1. Identità e (‘) potere


Con Foucault la critica del soggetto e dell’identità si coniuga alla riflessione sul potere. La sua “archeologia del sapere” ha lo scopo di ricercare nella storia le formazioni discorsive che mediano e organizzano l’esperienza che le persone hanno del mondo. Esse danno luogo a precise  “politiche generali” della verità che regolano ciò che deve essere considerato vero o falso, che decidono quali discorsi accogliere e quali ripudiare. Tali organizzazioni di sapere interagiscono con e sono intrinsecamente collegate ai rapporti di potere: il discorso è per Foucault il luogo dall’articolazione produttiva di potere e sapere.

Soggetto, follia, sessualità, si rivelano tra le costruzioni discorsive più potenti, messe a punto dal potere in un preciso momento della nostra storia per disciplinare e controllare in senso economico e produttivo il corpo sociale.

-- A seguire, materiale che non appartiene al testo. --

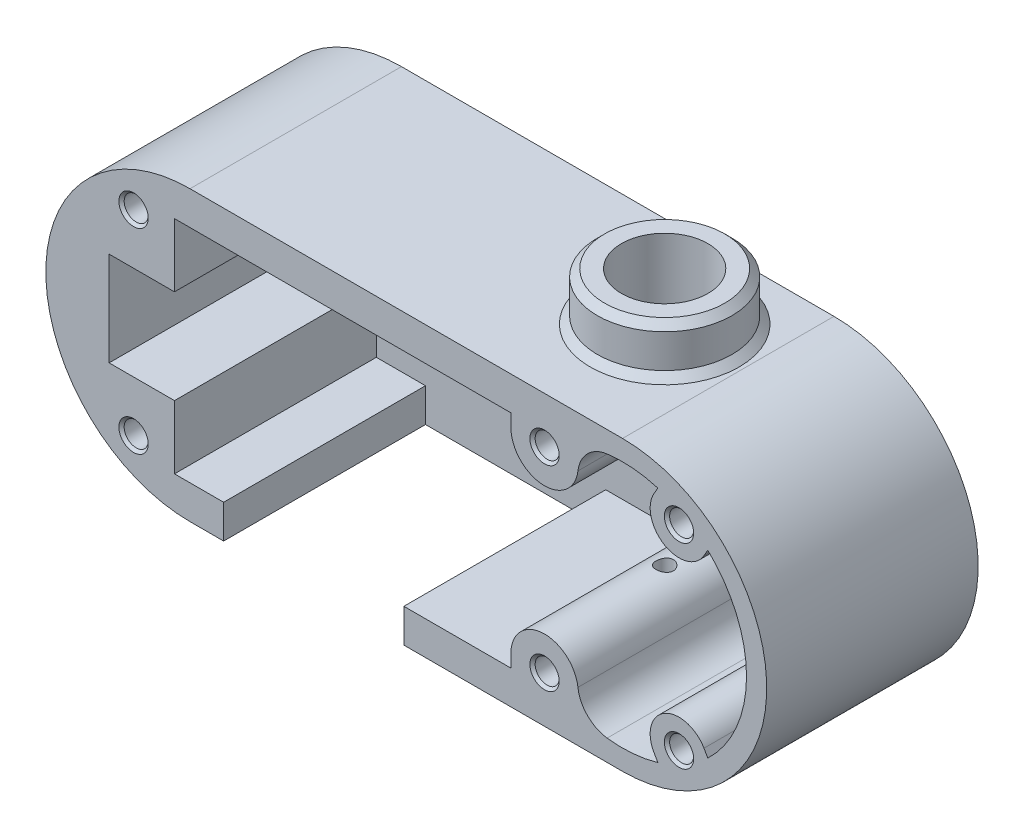
from build123d import *

# Parameters (mm, degrees)
BOSS_EXTRUDE1_DEPTH         = 25
CUT_EXTRUDE1_DEPTH          = 21
CUT_EXTRUDE2_DEPTH          = 16.25
M3_TAPPED_HOLE1_D           = 2.5
M3_TAPPED_HOLE1_DEPTH       = 8.5
M3_TAPPED_HOLE1_CSINK_D     = 3.05
M3_TAPPED_HOLE1_CSINK_ANGLE = 90
M3_TAPPED_HOLE1_TIP         = 0.751075774
SKETCH5_R                   = 7
BOSS_EXTRUDE2_DEPTH         = 5
SKETCH6_R                   = 4.5
CUT_EXTRUDE3_DEPTH          = 7
SKETCH7_R                   = 2.15
CUT_EXTRUDE4_DEPTH          = 4.5
CHAMFER2_SIZE               = 1.5
CHAMFER2_SIZE2              = 3
CUT_EXTRUDE5_REACH          = 64.204
CUT_EXTRUDE5_END_RADIUS     = 3.5
SKETCH8_R                   = 0.9
CHAMFER2_OF_MIRROR1_SIZE2   = 1.5
CHAMFER2_OF_MIRROR1_SIZE    = 3
CHAMFER3_SIZE               = 4.5
CHAMFER3_SIZE2              = 3
CHAMFER4_SIZE               = 0.75


with BuildPart() as part:
    # Sketch1 → Boss-Extrude1 (new body)
    with BuildSketch(Plane.XY):
        with BuildLine():
            Line((-36.885, 15), (8.115, 15))
            ThreePointArc((8.115, 15), (23.115, 0), (8.115, -15))
            Line((8.115, -15), (-36.885, -15))
            ThreePointArc((-36.885, -15), (-51.885, 0), (-36.885, 15))
        make_face()
    extrude(amount=BOSS_EXTRUDE1_DEPTH)

    # Sketch2 → Cut-Extrude1 (cut)
    with BuildSketch(Plane.XY.offset(25)):
        with BuildLine():
            Line((-3.5, 11.5), (-38.5, 11.5))
            Line((-38.5, 11.5), (-38.5, 4.9))
            Line((-38.5, 4.9), (-45.3, 4.9))
            Line((-45.3, 4.9), (-45.3, -4.9))
            Line((-45.3, -4.9), (-38.5, -4.9))
            Line((-38.5, -4.9), (-38.5, -11.5))
            Line((-38.5, -11.5), (-33.385, -11.5))
            Line((-33.385, -11.5), (-33.385, -16.5))
            Line((-33.385, -16.5), (-14.635, -16.5))
            Line((-14.635, -16.5), (-14.635, -11.5))
            Line((-14.635, -11.5), (-3.5, -11.5))
            Line((-3.5, -11.5), (-3.5, -10.175))
            ThreePointArc((-3.5, -10.175), (-3.031207817, -8.425205963), (-1.750411903, -7.144148936))
            ThreePointArc((-1.750411903, -7.144148936), (2.373617184, 0), (-1.750411903, 7.144148936))
            ThreePointArc((-1.750411903, 7.144148936), (-3.031207817, 8.425205963), (-3.5, 10.175))
            Line((-3.5, 10.175), (-3.5, 11.5))
        make_face()
    extrude(amount=-CUT_EXTRUDE1_DEPTH, mode=Mode.SUBTRACT)

    # Sketch2<3> → Cut-Extrude2 (cut)
    with BuildSketch(Plane.XY.offset(25)):
        with BuildLine():
            ThreePointArc((3.474243454, 9.75116935), (1.562702039, 7.043233352), (-1.750411903, 7.144148936))
            ThreePointArc((-1.750411903, 7.144148936), (2.373617184, 0), (-1.750411903, -7.144148936))
            ThreePointArc((-1.750411903, -7.144148936), (1.562702039, -7.043233352), (3.474243454, -9.75116935))
            ThreePointArc((3.474243454, -9.75116935), (4.469872156, -11.798465751), (6.514146928, -12.800283959))
            ThreePointArc((6.514146928, -12.800283959), (9.174878964, -12.856385829), (11.79050107, -12.365301933))
            Line((11.79050107, -12.365301933), (11.391974761, -11.675088283))
            ThreePointArc((11.391974761, -11.675088283), (12.489911717, -7.576974761), (16.588025239, -8.674911717))
            Line((16.588025239, -8.674911717), (16.986551548, -9.365125367))
            ThreePointArc((16.986551548, -9.365125367), (21.015, 0), (16.986551548, 9.365125367))
            Line((16.986551548, 9.365125367), (16.588025239, 8.674911717))
            ThreePointArc((16.588025239, 8.674911717), (12.489911717, 7.576974761), (11.391974761, 11.675088283))
            Line((11.391974761, 11.675088283), (11.79050107, 12.365301933))
            ThreePointArc((11.79050107, 12.365301933), (9.174878964, 12.856385829), (6.514146928, 12.800283959))
            ThreePointArc((6.514146928, 12.800283959), (4.469872156, 11.798465751), (3.474243454, 9.75116935))
        make_face()
    extrude(amount=-CUT_EXTRUDE2_DEPTH, mode=Mode.SUBTRACT)

    # M3 Tapped Hole1
    with Locations(Plane.XY.offset(25)):
        with Locations((-42.76, 10.175), (-42.76, -10.175), (0, -10.175), (0, 10.175), (13.99, 10.175), (13.99, -10.175)):
            CounterSinkHole(M3_TAPPED_HOLE1_D / 2, M3_TAPPED_HOLE1_CSINK_D / 2, depth=M3_TAPPED_HOLE1_DEPTH, counter_sink_angle=M3_TAPPED_HOLE1_CSINK_ANGLE)
            with Locations((0, 0, -(M3_TAPPED_HOLE1_DEPTH + M3_TAPPED_HOLE1_TIP / 2))):  # 118° drill point
                Cone(0, M3_TAPPED_HOLE1_D / 2, M3_TAPPED_HOLE1_TIP, mode=Mode.SUBTRACT)

    # Sketch5 → Boss-Extrude2 (add)
    with BuildSketch(Plane(origin=(0, 15, 0), x_dir=(1, 0, 0), z_dir=(0, 1, 0))):
        with Locations((0, -12.5)):
            Circle(SKETCH5_R)
    boss_extrude2 = extrude(amount=BOSS_EXTRUDE2_DEPTH)

    # Sketch6 → Cut-Extrude3 (cut)
    with BuildSketch(Plane(origin=(0, 20, 0), x_dir=(1, 0, 0), z_dir=(0, 1, 0))):
        with Locations(Location((0, -12.5, 0), (0, 0, 180))):
            Circle(SKETCH6_R)
    cut_extrude3 = extrude(amount=-CUT_EXTRUDE3_DEPTH, mode=Mode.SUBTRACT)

    # Sketch7 → Cut-Extrude4 (cut)
    with BuildSketch(Plane(origin=(0, 13, 0), x_dir=(1, 0, 0), z_dir=(0, 1, 0))):
        with Locations(Location((0, -12.5, 0), (0, 0, 180))):
            Circle(SKETCH7_R)
    cut_extrude4 = extrude(amount=-CUT_EXTRUDE4_DEPTH, mode=Mode.SUBTRACT)

    # Chamfer2
    chamfer2_edges = [part.edges().sort_by_distance(p)[0] for p in [
        (2.15, 13, 12.5),
    ]]
    chamfer2_side = [part.faces().sort_by_distance(p)[0] for p in [
        (4.372720779, 13, 12.5),
    ]]
    chamfer(chamfer2_edges, length=CHAMFER2_SIZE, length2=CHAMFER2_SIZE2, reference=chamfer2_side[0])

    # Cut-Extrude5: up to this cylinder (the profile starts inside it)
    cut_extrude5_end = Plane(origin=(0, 10.175, 12.5), z_dir=(0, 0, 1)) * Cylinder(CUT_EXTRUDE5_END_RADIUS, 136.408, mode=Mode.PRIVATE)
    # Sketch8 → Cut-Extrude5 (cut, up to the surface)
    with BuildSketch(Plane(origin=(0, 8.5, 0), x_dir=(1, 0, 0), z_dir=(0, 1, 0)), mode=Mode.PRIVATE) as cut_extrude5_sk1:
        with Locations(Location((0, -12.5, 0), (0, 0, 180))):
            Circle(SKETCH8_R)
    cut_extrude5_tool1 = extrude(cut_extrude5_sk1.sketch, amount=-CUT_EXTRUDE5_REACH, mode=Mode.PRIVATE) & cut_extrude5_end
    cut_extrude5 = cut_extrude5_tool1.solids().sort_by_distance((0, 8.5, 12.5))[0]
    add(cut_extrude5, mode=Mode.SUBTRACT)

    # Mirror1: Boss-Extrude2, Cut-Extrude3, Cut-Extrude4, Cut-Extrude5 across plane
    add(boss_extrude2.mirror(Plane.ZX))
    add(cut_extrude3.mirror(Plane.ZX), mode=Mode.SUBTRACT)
    add(cut_extrude4.mirror(Plane.ZX), mode=Mode.SUBTRACT)
    add(cut_extrude5.mirror(Plane.ZX), mode=Mode.SUBTRACT)

    # Chamfer2 of Mirror1
    chamfer2_of_mirror1_edges = [part.edges().sort_by_distance(p)[0] for p in [
        (2.15, -13, 12.5),
    ]]
    chamfer(chamfer2_of_mirror1_edges, length=CHAMFER2_OF_MIRROR1_SIZE, length2=CHAMFER2_OF_MIRROR1_SIZE2)

    # Chamfer3
    chamfer3_edges = [part.edges().sort_by_distance(p)[0] for p in [
        (-14.385, 15, 0),
        (23.115, 0, 0),
        (-14.385, -15, 0),
        (-51.885, 0, 0),
    ]]
    chamfer3_side = [part.faces().sort_by_distance(p)[0] for p in [
        (-14.385, 0, 0),
    ]]
    chamfer(chamfer3_edges, length=CHAMFER3_SIZE, length2=CHAMFER3_SIZE2, reference=chamfer3_side[0])

    # Chamfer4
    chamfer4_edges = [part.edges().sort_by_distance(p)[0] for p in [
        (-7, 15, 12.5),
        (-7, 20, 12.5),
        (-7, -20, 12.5),
        (-7, -15, 12.5),
    ]]
    chamfer(chamfer4_edges, length=CHAMFER4_SIZE)


solid = part.part
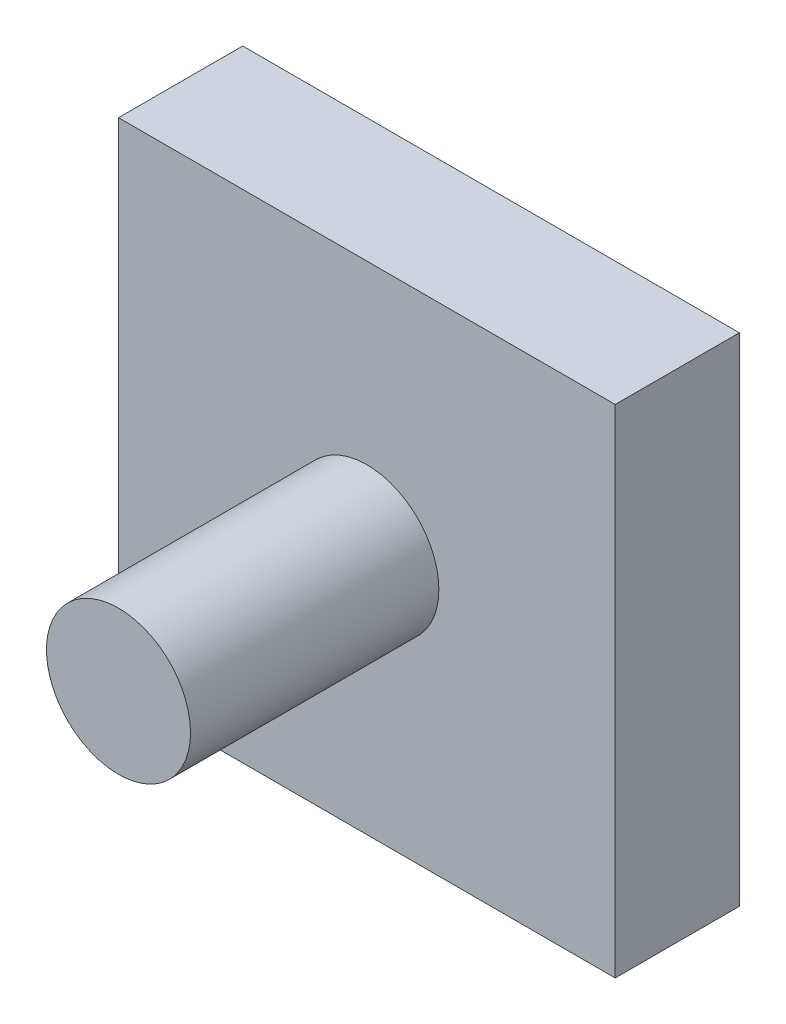
from build123d import *

# Parameters (mm, degrees)
ESQUISSE1_W        = 200
ESQUISSE1_H        = 200
BOSS_EXTRU_1_DEPTH = 50
ESQUISSE2_R        = 29
BOSS_EXTRU_2_DEPTH = 100


with BuildPart() as part:
    # Esquisse1 → Boss.-Extru.1 (new body)
    with BuildSketch(Plane.XY):
        Rectangle(ESQUISSE1_W, ESQUISSE1_H)
    extrude(amount=BOSS_EXTRU_1_DEPTH)

    # Esquisse2 → Boss.-Extru.2 (add)
    with BuildSketch(Plane.XY.offset(50)):
        Circle(ESQUISSE2_R)
    extrude(amount=BOSS_EXTRU_2_DEPTH)


solid = part.part
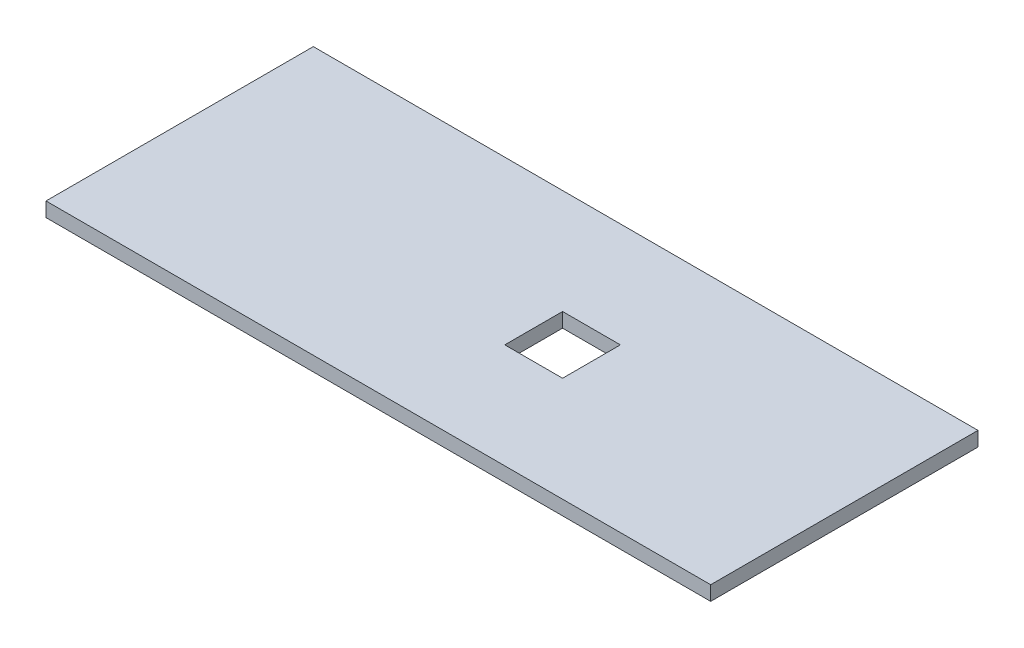
from build123d import *

# Parameters (mm, degrees)
SKETCH1_W           = 184
SKETCH1_H           = 4
BOSS_EXTRUDE1_DEPTH = 74
CUT_EXTRUDE1_DEPTH  = 74


with BuildPart() as part:
    # Sketch1 → Boss-Extrude1 (new body)
    with BuildSketch(Plane.XY):
        with Locations((-92, 2)):
            Rectangle(SKETCH1_W, SKETCH1_H)
    extrude(amount=BOSS_EXTRUDE1_DEPTH)

    # Sketch2 → Cut-Extrude1 (cut)
    with BuildSketch(Plane(origin=(0, 4, 0), x_dir=(1, 0, 0), z_dir=(0, 1, 0))):
        Polygon((-70, -37), (-70, -29), (-86, -29), (-86, -45), (-70, -45), align=None)
    extrude(amount=-CUT_EXTRUDE1_DEPTH, mode=Mode.SUBTRACT)


solid = part.part

La nascita del soggetto coincide con la comparsa di un preciso discorso sull’uomoquello delle scienze umane, che nascono appunto in epoca moderna[1] -, con la volontà di creare un discorso che, parlandone, istituisce il “l’individuo” come concetto. Il processo di soggettivazione caratteristico dell’epoca moderna è visto da Foucault come estensione, come tecnica principale del potere; una forma di potere che “è rivolta all’immediata vita quotidiana che categorizza l’individuo, lo segna della sua individualità, lo fissa alla sua identità, gli impone una legge di verità che egli deve riconoscere e che altri devono riconoscere in lui”[2]. Rendere le persone soggetti, legandole ad una identità precisa – e l’oggettivazione di un’identità sessuale sarà indagata nelle sue ricerche come una delle tecniche più efficaci a questo scopo – è dunque un modo per assoggettarle ad un regime di governabilità: il soggetto è una forma di potere che soggioga, che crea il miraggio e la necessità di una coscienza–conoscenza di sé per legare l’individuo alla propria identità[3].

La ricerca di Foucault si concentra su i modi attraverso i quali gli esseri umani vengono resi soggetti: oltre al ruolo fondamentale delle scienze che parlano dell’uomo, si rivelano determinanti quelle che Foucault chiama “pratiche di divisione”, che creano il soggetto attraverso l’atto di separarlo da una serie di “altri”. Implicata con la nascita della soggettività è, ad esempio, l’istituzione della follia: il potere-discorso ha bisogno della figura del folle come antagonista a cui contrapporre il potere della razionalità nascente, che si può definire, così, come norma, in contrapposizione alla a-normalità del folle.  E se nelle epoche precedenti la pazzia era considerata come qualcosa di misterioso ma anche di prodigioso e talvolta sacro e ai folli era permessa la vita di comunità, con la nascita dell’era moderna essi vengono medicalizzati, la follia diventa malattia da curare, deviazione dalla norma da recuperare. I “malati” mentali vengono rinchiusi in apposite strutture, osservati, studiati, indagati. Nasce la clinica psichiatrica e nasce un preciso discorso, un nuovo sguardo medico, che ha istituito l’oggetto stesso della sua indagine: la follia.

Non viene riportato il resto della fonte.